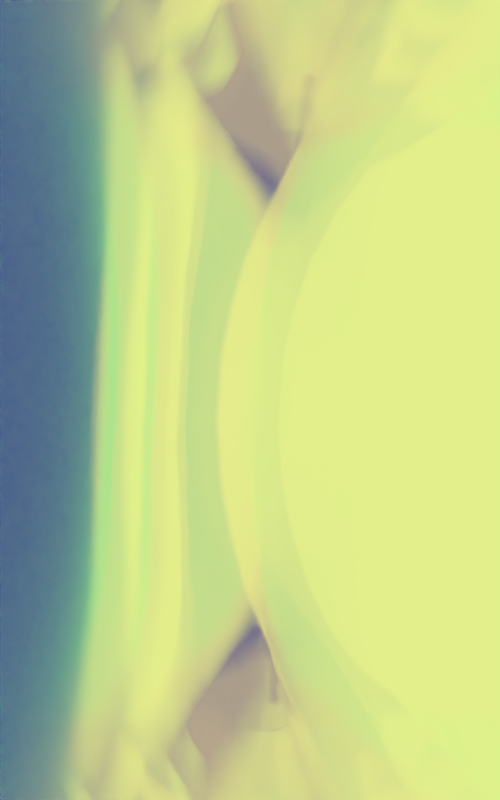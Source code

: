 # Source: RenderSketchGame-RyanGreen-0807b.blend  (saved by Blender 2.71.0; exported with 4.5.12 LTS)
import bpy
from mathutils import Matrix  # noqa: F401  (used for matrix-valued properties, if any)

bpy.ops.wm.read_factory_settings(use_empty=True)
scene = bpy.context.scene
scene.name = 'Scene'

# ---- collections
col_collection_1 = bpy.data.collections.new('Collection 1'); scene.collection.children.link(col_collection_1)
col_collection_2 = bpy.data.collections.new('Collection 2'); scene.collection.children.link(col_collection_2)

# ---- materials (node trees are filled in below, after node groups)
mat_material = bpy.data.materials.new('Material')
mat_material.alpha_threshold = 0.0
mat_material.roughness = 0.5
mat_material.line_color = (0.0, 0.0, 0.0, 1.0)

# ---- material node trees
mat_material.use_nodes = True; mat_material.node_tree.nodes.clear()
_N = mat_material.node_tree.nodes; _L = mat_material.node_tree.links
n0 = _N.new('ShaderNodeOutputMaterial'); n0.name = 'Material Output'; n0.location = (300, 300)
n1 = _N.new('ShaderNodeBsdfGlass'); n1.name = 'Glass BSDF'; n1.location = (100, 300)
n1.distribution = 'BECKMANN'
n1.inputs[0].default_value = (3.292, 4.954, 0.5879, 1.0)
n1.inputs[2].default_value = 1.05
n2 = _N.new('ShaderNodeNewGeometry'); n2.name = 'Geometry'; n2.location = (-90, 300)
_L.new(n1.outputs[0], n0.inputs[0])
n0.is_active_output = True

# ---- world
world_world = bpy.data.worlds.new('World'); scene.world = world_world
world_world.use_nodes = True; world_world.node_tree.nodes.clear()
_N = world_world.node_tree.nodes; _L = world_world.node_tree.links
n0 = _N.new('ShaderNodeOutputWorld'); n0.name = 'World Output'; n0.location = (300, 300)
n1 = _N.new('ShaderNodeBackground'); n1.name = 'Background'; n1.location = (10, 300)
n1.inputs[0].default_value = (0.05088, 0.004339, 0.009922, 1.0)
n1.inputs[1].default_value = 0.1
n2 = _N.new('ShaderNodeTexSky'); n2.name = 'Sky Texture'; n2.location = (-190, 300)
n2.sky_type = 'HOSEK_WILKIE'
n2.sun_direction = (-0.2371, 0.5309, 0.8136)
n2.ground_albedo = 1.0
n2.sun_elevation = 1.571
_L.new(n1.outputs[0], n0.inputs[0])
n0.is_active_output = True
world_world.color = (0.05088, 0.05088, 0.05088)
world_world.use_sun_shadow = False
world_world.sun_shadow_jitter_overblur = 0.0
world_world.cycles.sampling_method = 'MANUAL'
world_world.cycles.sample_map_resolution = 256

# ---- cameras
cam_camera = bpy.data.cameras.new('Camera')
cam_camera.clip_end = 1e+04
cam_camera.lens = 33.0
cam_camera.sensor_width = 80.0
cam_camera.sensor_height = 18.0
cam_camera.ortho_scale = 7.314
cam_camera.dof.use_dof = True
cam_camera.dof.focus_distance = 0.0
cam_camera.dof.aperture_fstop = 0.0165

# ---- meshes
me_cylinder_002 = bpy.data.meshes.new('Cylinder.002')
me_cylinder_002.from_pydata([(4.801e-05, 74.49, -70.4), (4.79e-05, 74.49, 70.4), (15.38, 73.32, -70.41), (15.38, 73.32, 70.41), (30.07, 69.71, -70.44), (30.07, 69.71, 70.44), (43.39, 63.53, -70.48), (43.39, 63.53, 70.48), (54.69, 54.69, -70.49), (54.69, 54.69, 70.49), (63.53, 43.39, -70.48), (63.53, 43.39, 70.48), (69.71, 30.07, -70.44), (69.71, 30.07, 70.44), (73.32, 15.38, -70.41), (73.32, 15.38, 70.41), (74.49, 1.884e-06, -70.4), (74.49, 2.05e-06, 70.4), (73.32, -15.38, -70.41), (73.32, -15.38, 70.41), (69.71, -30.07, -70.44), (69.71, -30.07, 70.44), (63.53, -43.39, -70.48), (63.53, -43.39, 70.48), (54.69, -54.69, -70.49), (54.69, -54.69, 70.49), (43.39, -63.53, -70.48), (43.39, -63.53, 70.48), (30.07, -69.71, -70.44), (30.07, -69.71, 70.44), (15.38, -73.32, -70.41), (15.38, -73.32, 70.41), (-2.547e-05, -74.49, -70.4), (-2.449e-05, -74.49, 70.4), (-15.38, -73.32, -70.41), (-15.38, -73.32, 70.41), (-30.07, -69.71, -70.44), (-30.07, -69.71, 70.44), (-43.39, -63.53, -70.48), (-43.39, -63.53, 70.48), (-54.69, -54.69, -70.49), (-54.69, -54.69, 70.49), (-63.53, -43.39, -70.48), (-63.53, -43.39, 70.48), (-69.71, -30.07, -70.44), (-69.71, -30.07, 70.44), (-73.32, -15.38, -70.41), (-73.32, -15.38, 70.41), (-74.49, 7.07e-05, -70.4), (-74.49, 7.082e-05, 70.4), (-73.32, 15.38, -70.41), (-73.32, 15.38, 70.41), (-69.71, 30.07, -70.44), (-69.71, 30.07, 70.44), (-63.53, 43.39, -70.48), (-63.53, 43.39, 70.48), (-54.69, 54.69, -70.49), (-54.69, 54.69, 70.49), (-43.39, 63.53, -70.48), (-43.39, 63.53, 70.48), (-30.07, 69.71, -70.44), (-30.07, 69.71, 70.44), (-15.38, 73.32, -70.41), (-15.38, 73.32, 70.41), (4.752e-05, 73.11, -65.83), (4.549e-05, 69.7, -55.94), (4.378e-05, 65.43, -42.19), (4.193e-05, 61.64, -26.08), (4.096e-05, 59.45, -8.804), (4.095e-05, 59.45, 8.804), (4.19e-05, 61.64, 26.08), (4.376e-05, 65.43, 42.19), (4.549e-05, 69.7, 55.94), (4.727e-05, 73.11, 65.83), (15.21, 72.0, 65.84), (14.7, 68.69, 55.95), (14.03, 64.54, 42.19), (13.42, 60.85, 26.08), (13.06, 58.71, 8.805), (13.06, 58.71, -8.805), (13.42, 60.85, -26.08), (14.03, 64.54, -42.19), (14.7, 68.69, -55.95), (15.21, 72.0, -65.84), (29.74, 68.57, 65.87), (28.71, 65.55, 55.97), (27.36, 61.74, 42.21), (26.13, 58.33, 26.09), (25.42, 56.35, 8.807), (25.42, 56.35, -8.807), (26.13, 58.33, -26.09), (27.36, 61.74, -42.21), (28.71, 65.55, -55.97), (29.74, 68.57, -65.87), (42.88, 62.6, 65.9), (41.33, 60.02, 56.0), (39.29, 56.7, 42.22), (37.46, 53.73, 26.09), (36.38, 52.0, 8.81), (36.38, 52.0, -8.81), (37.46, 53.73, -26.09), (39.29, 56.7, -42.22), (41.33, 60.02, -56.0), (42.88, 62.6, -65.9), (53.99, 53.99, 65.91), (51.91, 51.91, 56.01), (49.21, 49.21, 42.23), (46.78, 46.78, 26.1), (45.35, 45.35, 8.811), (45.35, 45.35, -8.811), (46.78, 46.78, -26.1), (49.21, 49.21, -42.23), (51.91, 51.91, -56.01), (53.99, 53.99, -65.91), (62.6, 42.88, 65.9), (60.02, 41.33, 56.0), (56.7, 39.29, 42.22), (53.73, 37.46, 26.09), (52.0, 36.38, 8.81), (52.0, 36.38, -8.81), (53.73, 37.46, -26.09), (56.7, 39.29, -42.22), (60.02, 41.33, -56.0), (62.6, 42.88, -65.9), (68.57, 29.74, 65.87), (65.55, 28.71, 55.97), (61.74, 27.36, 42.21), (58.33, 26.13, 26.09), (56.35, 25.42, 8.807), (56.35, 25.42, -8.807), (58.33, 26.13, -26.09), (61.74, 27.36, -42.21), (65.55, 28.71, -55.97), (68.57, 29.74, -65.87), (72.0, 15.21, 65.84), (68.69, 14.7, 55.95), (64.54, 14.03, 42.19), (60.85, 13.42, 26.08), (58.71, 13.06, 8.805), (58.71, 13.06, -8.805), (60.85, 13.42, -26.08), (64.54, 14.03, -42.19), (68.69, 14.7, -55.95), (72.0, 15.21, -65.84), (73.11, 1.978e-06, 65.83), (69.7, 1.48e-06, 55.94), (65.43, 5.74e-07, 42.19), (61.64, 1.236e-07, 26.08), (59.45, -3.698e-07, 8.804), (59.45, -3.698e-07, -8.804), (61.64, 1.236e-07, -26.08), (65.43, 5.74e-07, -42.19), (69.7, 1.147e-06, -55.94), (73.11, 1.635e-06, -65.83), (72.0, -15.21, 65.84), (68.69, -14.7, 55.95), (64.54, -14.03, 42.19), (60.85, -13.42, 26.08), (58.71, -13.06, 8.805), (58.71, -13.06, -8.805), (60.85, -13.42, -26.08), (64.54, -14.03, -42.19), (68.69, -14.7, -55.95), (72.0, -15.21, -65.84), (68.57, -29.74, 65.87), (65.55, -28.71, 55.97), (61.74, -27.36, 42.21), (58.33, -26.13, 26.09), (56.35, -25.42, 8.807), (56.35, -25.42, -8.807), (58.33, -26.13, -26.09), (61.74, -27.36, -42.21), (65.55, -28.71, -55.97), (68.57, -29.74, -65.87), (62.6, -42.88, 65.9), (60.02, -41.33, 56.0), (56.7, -39.29, 42.22), (53.73, -37.46, 26.09), (52.0, -36.38, 8.81), (52.0, -36.38, -8.81), (53.73, -37.46, -26.09), (56.7, -39.29, -42.22), (60.02, -41.33, -56.0), (62.6, -42.88, -65.9), (53.99, -53.99, 65.91), (51.91, -51.91, 56.01), (49.21, -49.21, 42.23), (46.78, -46.78, 26.1), (45.35, -45.35, 8.811), (45.35, -45.35, -8.811), (46.78, -46.78, -26.1), (49.21, -49.21, -42.23), (51.91, -51.91, -56.01), (53.99, -53.99, -65.91), (42.88, -62.6, 65.9), (41.33, -60.02, 56.0), (39.29, -56.7, 42.22), (37.46, -53.73, 26.09), (36.38, -52.0, 8.81), (36.38, -52.0, -8.81), (37.46, -53.73, -26.09), (39.29, -56.7, -42.22), (41.33, -60.02, -56.0), (42.88, -62.6, -65.9), (29.74, -68.57, 65.87), (28.71, -65.55, 55.97), (27.36, -61.74, 42.21), (26.13, -58.33, 26.09), (25.42, -56.35, 8.807), (25.42, -56.35, -8.807), (26.13, -58.33, -26.09), (27.36, -61.74, -42.21), (28.71, -65.55, -55.97), (29.74, -68.57, -65.87), (15.21, -72.0, 65.84), (14.7, -68.69, 55.95), (14.03, -64.54, 42.19), (13.42, -60.85, 26.08), (13.06, -58.71, 8.805), (13.06, -58.71, -8.805), (13.42, -60.85, -26.08), (14.03, -64.54, -42.19), (14.7, -68.69, -55.95), (15.21, -72.0, -65.84), (-2.381e-05, -73.11, 65.83), (-2.283e-05, -69.7, 55.94), (-2.217e-05, -65.43, 42.19), (-2.145e-05, -61.64, 26.08), (-2.083e-05, -59.45, 8.804), (-2.083e-05, -59.45, -8.804), (-2.168e-05, -61.64, -26.08), (-2.246e-05, -65.43, -42.19), (-2.367e-05, -69.7, -55.94), (-2.481e-05, -73.11, -65.83), (-15.21, -72.0, 65.84), (-14.7, -68.69, 55.95), (-14.03, -64.54, 42.19), (-13.42, -60.85, 26.08), (-13.06, -58.71, 8.805), (-13.06, -58.71, -8.805), (-13.42, -60.85, -26.08), (-14.03, -64.54, -42.19), (-14.7, -68.69, -55.95), (-15.21, -72.0, -65.84), (-29.74, -68.57, 65.87), (-28.71, -65.55, 55.97), (-27.36, -61.74, 42.21), (-26.13, -58.33, 26.09), (-25.42, -56.35, 8.807), (-25.42, -56.35, -8.807), (-26.13, -58.33, -26.09), (-27.36, -61.74, -42.21), (-28.71, -65.55, -55.97), (-29.74, -68.57, -65.87), (-42.88, -62.6, 65.9), (-41.33, -60.02, 56.0), (-39.29, -56.7, 42.22), (-37.46, -53.73, 26.09), (-36.38, -52.0, 8.81), (-36.38, -52.0, -8.81), (-37.46, -53.73, -26.09), (-39.29, -56.7, -42.22), (-41.33, -60.02, -56.0), (-42.88, -62.6, -65.9), (-53.99, -53.99, 65.91), (-51.91, -51.91, 56.01), (-49.21, -49.21, 42.23), (-46.78, -46.78, 26.1), (-45.35, -45.35, 8.811), (-45.35, -45.35, -8.811), (-46.78, -46.78, -26.1), (-49.21, -49.21, -42.23), (-51.91, -51.91, -56.01), (-53.99, -53.99, -65.91), (-62.6, -42.88, 65.9), (-60.02, -41.33, 56.0), (-56.7, -39.29, 42.22), (-53.73, -37.46, 26.09), (-52.0, -36.38, 8.81), (-52.0, -36.38, -8.81), (-53.73, -37.46, -26.09), (-56.7, -39.29, -42.22), (-60.02, -41.33, -56.0), (-62.6, -42.88, -65.9), (-68.57, -29.74, 65.87), (-65.55, -28.71, 55.97), (-61.74, -27.36, 42.21), (-58.33, -26.13, 26.09), (-56.35, -25.42, 8.807), (-56.35, -25.42, -8.807), (-58.33, -26.13, -26.09), (-61.74, -27.36, -42.21), (-65.55, -28.71, -55.97), (-68.57, -29.74, -65.87), (-72.0, -15.21, 65.84), (-68.69, -14.7, 55.95), (-64.54, -14.03, 42.19), (-60.85, -13.42, 26.08), (-58.71, -13.06, 8.805), (-58.71, -13.06, -8.805), (-60.85, -13.42, -26.08), (-64.54, -14.03, -42.19), (-68.69, -14.7, -55.95), (-72.0, -15.21, -65.84), (-73.11, 6.938e-05, 65.83), (-69.7, 6.51e-05, 55.94), (-65.43, 5.985e-05, 42.19), (-61.64, 5.586e-05, 26.08), (-59.45, 5.314e-05, 8.804), (-59.45, 5.312e-05, -8.804), (-61.64, 5.557e-05, -26.08), (-65.43, 5.972e-05, -42.19), (-69.7, 6.486e-05, -55.94), (-73.11, 6.921e-05, -65.83), (-72.0, 15.21, 65.84), (-68.69, 14.7, 55.95), (-64.54, 14.03, 42.19), (-60.85, 13.42, 26.08), (-58.71, 13.06, 8.805), (-58.71, 13.06, -8.805), (-60.85, 13.42, -26.08), (-64.54, 14.03, -42.19), (-68.69, 14.7, -55.95), (-72.0, 15.21, -65.84), (-68.57, 29.74, 65.87), (-65.55, 28.71, 55.97), (-61.74, 27.36, 42.21), (-58.33, 26.13, 26.09), (-56.35, 25.42, 8.807), (-56.35, 25.42, -8.807), (-58.33, 26.13, -26.09), (-61.74, 27.36, -42.21), (-65.55, 28.71, -55.97), (-68.57, 29.74, -65.87), (-62.6, 42.88, 65.9), (-60.02, 41.33, 56.0), (-56.7, 39.29, 42.22), (-53.73, 37.46, 26.09), (-52.0, 36.38, 8.81), (-52.0, 36.38, -8.81), (-53.73, 37.46, -26.09), (-56.7, 39.29, -42.22), (-60.02, 41.33, -56.0), (-62.6, 42.88, -65.9), (-53.99, 53.99, 65.91), (-51.91, 51.91, 56.01), (-49.21, 49.21, 42.23), (-46.78, 46.78, 26.1), (-45.35, 45.35, 8.811), (-45.35, 45.35, -8.811), (-46.78, 46.78, -26.1), (-49.21, 49.21, -42.23), (-51.91, 51.91, -56.01), (-53.99, 53.99, -65.91), (-42.88, 62.6, 65.9), (-41.33, 60.02, 56.0), (-39.29, 56.7, 42.22), (-37.46, 53.73, 26.09), (-36.38, 52.0, 8.81), (-36.38, 52.0, -8.81), (-37.46, 53.73, -26.09), (-39.29, 56.7, -42.22), (-41.33, 60.02, -56.0), (-42.88, 62.6, -65.9), (-29.74, 68.57, 65.87), (-28.71, 65.55, 55.97), (-27.36, 61.74, 42.21), (-26.13, 58.33, 26.09), (-25.42, 56.35, 8.807), (-25.42, 56.35, -8.807), (-26.13, 58.33, -26.09), (-27.36, 61.74, -42.21), (-28.71, 65.55, -55.97), (-29.74, 68.57, -65.87), (-15.21, 72.0, 65.84), (-14.7, 68.69, 55.95), (-14.03, 64.54, 42.19), (-13.42, 60.85, 26.08), (-13.06, 58.71, 8.805), (-13.06, 58.71, -8.805), (-13.42, 60.85, -26.08), (-14.03, 64.54, -42.19), (-14.7, 68.69, -55.95), (-15.21, 72.0, -65.84), (4.355e-05, 66.31, -62.67), (4.345e-05, 66.31, 62.67), (13.69, 65.26, -62.68), (13.69, 65.26, 62.68), (26.77, 62.06, -62.71), (26.77, 62.06, 62.71), (38.62, 56.55, -62.73), (38.62, 56.55, 62.73), (48.68, 48.68, -62.74), (48.68, 48.68, 62.74), (56.55, 38.62, -62.73), (56.55, 38.62, 62.73), (62.06, 26.77, -62.71), (62.06, 26.77, 62.71), (65.26, 13.69, -62.68), (65.26, 13.69, 62.68), (66.31, 3.685e-06, -62.67), (66.31, 3.832e-06, 62.67), (65.26, -13.69, -62.68), (65.26, -13.69, 62.68), (62.06, -26.77, -62.71), (62.06, -26.77, 62.71), (56.55, -38.62, -62.73), (56.55, -38.62, 62.73), (48.68, -48.68, -62.74), (48.68, -48.68, 62.74), (38.62, -56.55, -62.73), (38.62, -56.55, 62.73), (26.77, -62.06, -62.71), (26.77, -62.06, 62.71), (13.69, -65.26, -62.68), (13.69, -65.26, 62.68), (-2.185e-05, -66.31, -62.67), (-2.099e-05, -66.31, 62.67), (-13.69, -65.26, -62.68), (-13.69, -65.26, 62.68), (-26.77, -62.06, -62.71), (-26.77, -62.06, 62.71), (-38.62, -56.55, -62.73), (-38.62, -56.55, 62.73), (-48.68, -48.68, -62.74), (-48.68, -48.68, 62.74), (-56.55, -38.62, -62.73), (-56.55, -38.62, 62.73), (-62.06, -26.77, -62.71), (-62.06, -26.77, 62.71), (-65.26, -13.69, -62.68), (-65.26, -13.69, 62.68), (-66.31, 6.494e-05, -62.67), (-66.31, 6.505e-05, 62.67), (-65.26, 13.69, -62.68), (-65.26, 13.69, 62.68), (-62.06, 26.77, -62.71), (-62.06, 26.77, 62.71), (-56.55, 38.62, -62.73), (-56.55, 38.62, 62.73), (-48.68, 48.68, -62.74), (-48.68, 48.68, 62.74), (-38.62, 56.55, -62.73), (-38.62, 56.55, 62.73), (-26.77, 62.06, -62.71), (-26.77, 62.06, 62.71), (-13.69, 65.26, -62.68), (-13.69, 65.26, 62.68), (4.311e-05, 65.08, -58.6), (4.131e-05, 62.04, -49.8), (3.979e-05, 58.24, -37.55), (3.814e-05, 54.87, -23.21), (3.728e-05, 52.92, -7.837), (3.726e-05, 52.92, 7.837), (3.811e-05, 54.87, 23.21), (3.977e-05, 58.24, 37.55), (4.131e-05, 62.04, 49.8), (4.289e-05, 65.08, 58.6), (13.54, 64.09, 58.61), (13.08, 61.15, 49.8), (12.49, 57.45, 37.56), (11.94, 54.17, 23.21), (11.63, 52.26, 7.838), (11.63, 52.26, -7.838), (11.94, 54.17, -23.21), (12.49, 57.45, -37.56), (13.08, 61.15, -49.8), (13.54, 64.09, -58.61), (26.48, 61.03, 58.63), (25.56, 58.35, 49.82), (24.35, 54.95, 37.57), (23.26, 51.92, 23.22), (22.63, 50.16, 7.84), (22.63, 50.16, -7.84), (23.26, 51.92, -23.22), (24.35, 54.95, -37.57), (25.56, 58.35, -49.82), (26.48, 61.03, -58.63), (38.17, 55.72, 58.66), (36.79, 53.42, 49.85), (34.98, 50.48, 37.58), (33.34, 47.83, 23.23), (32.38, 46.29, 7.842), (32.38, 46.29, -7.842), (33.34, 47.83, -23.23), (34.98, 50.48, -37.58), (36.79, 53.42, -49.85), (38.17, 55.72, -58.66), (48.06, 48.06, 58.67), (46.2, 46.2, 49.85), (43.8, 43.8, 37.59), (41.64, 41.64, 23.23), (40.37, 40.37, 7.843), (40.37, 40.37, -7.843), (41.64, 41.64, -23.23), (43.8, 43.8, -37.59), (46.2, 46.2, -49.85), (48.06, 48.06, -58.67), (55.72, 38.17, 58.66), (53.42, 36.79, 49.85), (50.48, 34.98, 37.58), (47.83, 33.34, 23.23), (46.29, 32.38, 7.842), (46.29, 32.38, -7.842), (47.83, 33.34, -23.23), (50.48, 34.98, -37.58), (53.42, 36.79, -49.85), (55.72, 38.17, -58.66), (61.03, 26.48, 58.63), (58.35, 25.56, 49.82), (54.95, 24.35, 37.57), (51.92, 23.26, 23.22), (50.16, 22.63, 7.84), (50.16, 22.63, -7.84), (51.92, 23.26, -23.22), (54.95, 24.35, -37.57), (58.35, 25.56, -49.82), (61.03, 26.48, -58.63), (64.09, 13.54, 58.61), (61.15, 13.08, 49.8), (57.45, 12.49, 37.56), (54.17, 11.94, 23.21), (52.26, 11.63, 7.838), (52.26, 11.63, -7.838), (54.17, 11.94, -23.21), (57.45, 12.49, -37.56), (61.15, 13.08, -49.8), (64.09, 13.54, -58.61), (65.08, 3.768e-06, 58.6), (62.04, 3.325e-06, 49.8), (58.24, 2.519e-06, 37.55), (54.87, 2.118e-06, 23.21), (52.92, 1.678e-06, 7.837), (52.92, 1.678e-06, -7.837), (54.87, 2.118e-06, -23.21), (58.24, 2.519e-06, -37.55), (62.04, 3.029e-06, -49.8), (65.08, 3.463e-06, -58.6), (64.09, -13.54, 58.61), (61.15, -13.08, 49.8), (57.45, -12.49, 37.56), (54.17, -11.94, 23.21), (52.26, -11.63, 7.838), (52.26, -11.63, -7.838), (54.17, -11.94, -23.21), (57.45, -12.49, -37.56), (61.15, -13.08, -49.8), (64.09, -13.54, -58.61), (61.03, -26.48, 58.63), (58.35, -25.56, 49.82), (54.95, -24.35, 37.57), (51.92, -23.26, 23.22), (50.16, -22.63, 7.84), (50.16, -22.63, -7.84), (51.92, -23.26, -23.22), (54.95, -24.35, -37.57), (58.35, -25.56, -49.82), (61.03, -26.48, -58.63), (55.72, -38.17, 58.66), (53.42, -36.79, 49.85), (50.48, -34.98, 37.58), (47.83, -33.34, 23.23), (46.29, -32.38, 7.842), (46.29, -32.38, -7.842), (47.83, -33.34, -23.23), (50.48, -34.98, -37.58), (53.42, -36.79, -49.85), (55.72, -38.17, -58.66), (48.06, -48.06, 58.67), (46.2, -46.2, 49.85), (43.8, -43.8, 37.59), (41.64, -41.64, 23.23), (40.37, -40.37, 7.843), (40.37, -40.37, -7.843), (41.64, -41.64, -23.23), (43.8, -43.8, -37.59), (46.2, -46.2, -49.85), (48.06, -48.06, -58.67), (38.17, -55.72, 58.66), (36.79, -53.42, 49.85), (34.98, -50.48, 37.58), (33.34, -47.83, 23.23), (32.38, -46.29, 7.842), (32.38, -46.29, -7.842), (33.34, -47.83, -23.23), (34.98, -50.48, -37.58), (36.79, -53.42, -49.85), (38.17, -55.72, -58.66), (26.48, -61.03, 58.63), (25.56, -58.35, 49.82), (24.35, -54.95, 37.57), (23.26, -51.92, 23.22), (22.63, -50.16, 7.84), (22.63, -50.16, -7.84), (23.26, -51.92, -23.22), (24.35, -54.95, -37.57), (25.56, -58.35, -49.82), (26.48, -61.03, -58.63), (13.54, -64.09, 58.61), (13.08, -61.15, 49.8), (12.49, -57.45, 37.56), (11.94, -54.17, 23.21), (11.63, -52.26, 7.838), (11.63, -52.26, -7.838), (11.94, -54.17, -23.21), (12.49, -57.45, -37.56), (13.08, -61.15, -49.8), (13.54, -64.09, -58.61), (-2.038e-05, -65.08, 58.6), (-1.951e-05, -62.04, 49.8), (-1.892e-05, -58.24, 37.55), (-1.827e-05, -54.87, 23.21), (-1.773e-05, -52.92, 7.837), (-1.773e-05, -52.92, -7.837), (-1.849e-05, -54.87, -23.21), (-1.918e-05, -58.24, -37.55), (-2.025e-05, -62.04, -49.8), (-2.127e-05, -65.08, -58.6), (-13.54, -64.09, 58.61), (-13.08, -61.15, 49.8), (-12.49, -57.45, 37.56), (-11.94, -54.17, 23.21), (-11.63, -52.26, 7.838), (-11.63, -52.26, -7.838), (-11.94, -54.17, -23.21), (-12.49, -57.45, -37.56), (-13.08, -61.15, -49.8), (-13.54, -64.09, -58.61), (-26.48, -61.03, 58.63), (-25.56, -58.35, 49.82), (-24.35, -54.95, 37.57), (-23.26, -51.92, 23.22), (-22.63, -50.16, 7.84), (-22.63, -50.16, -7.84), (-23.26, -51.92, -23.22), (-24.35, -54.95, -37.57), (-25.56, -58.35, -49.82), (-26.48, -61.03, -58.63), (-38.17, -55.72, 58.66), (-36.79, -53.42, 49.85), (-34.98, -50.48, 37.58), (-33.34, -47.83, 23.23), (-32.38, -46.29, 7.842), (-32.38, -46.29, -7.842), (-33.34, -47.83, -23.23), (-34.98, -50.48, -37.58), (-36.79, -53.42, -49.85), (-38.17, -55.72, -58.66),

# # # #

--- Exercise ---
A single number is the answer here: the count of lines in the material above holding the string "import".

--- Solved problem ---
2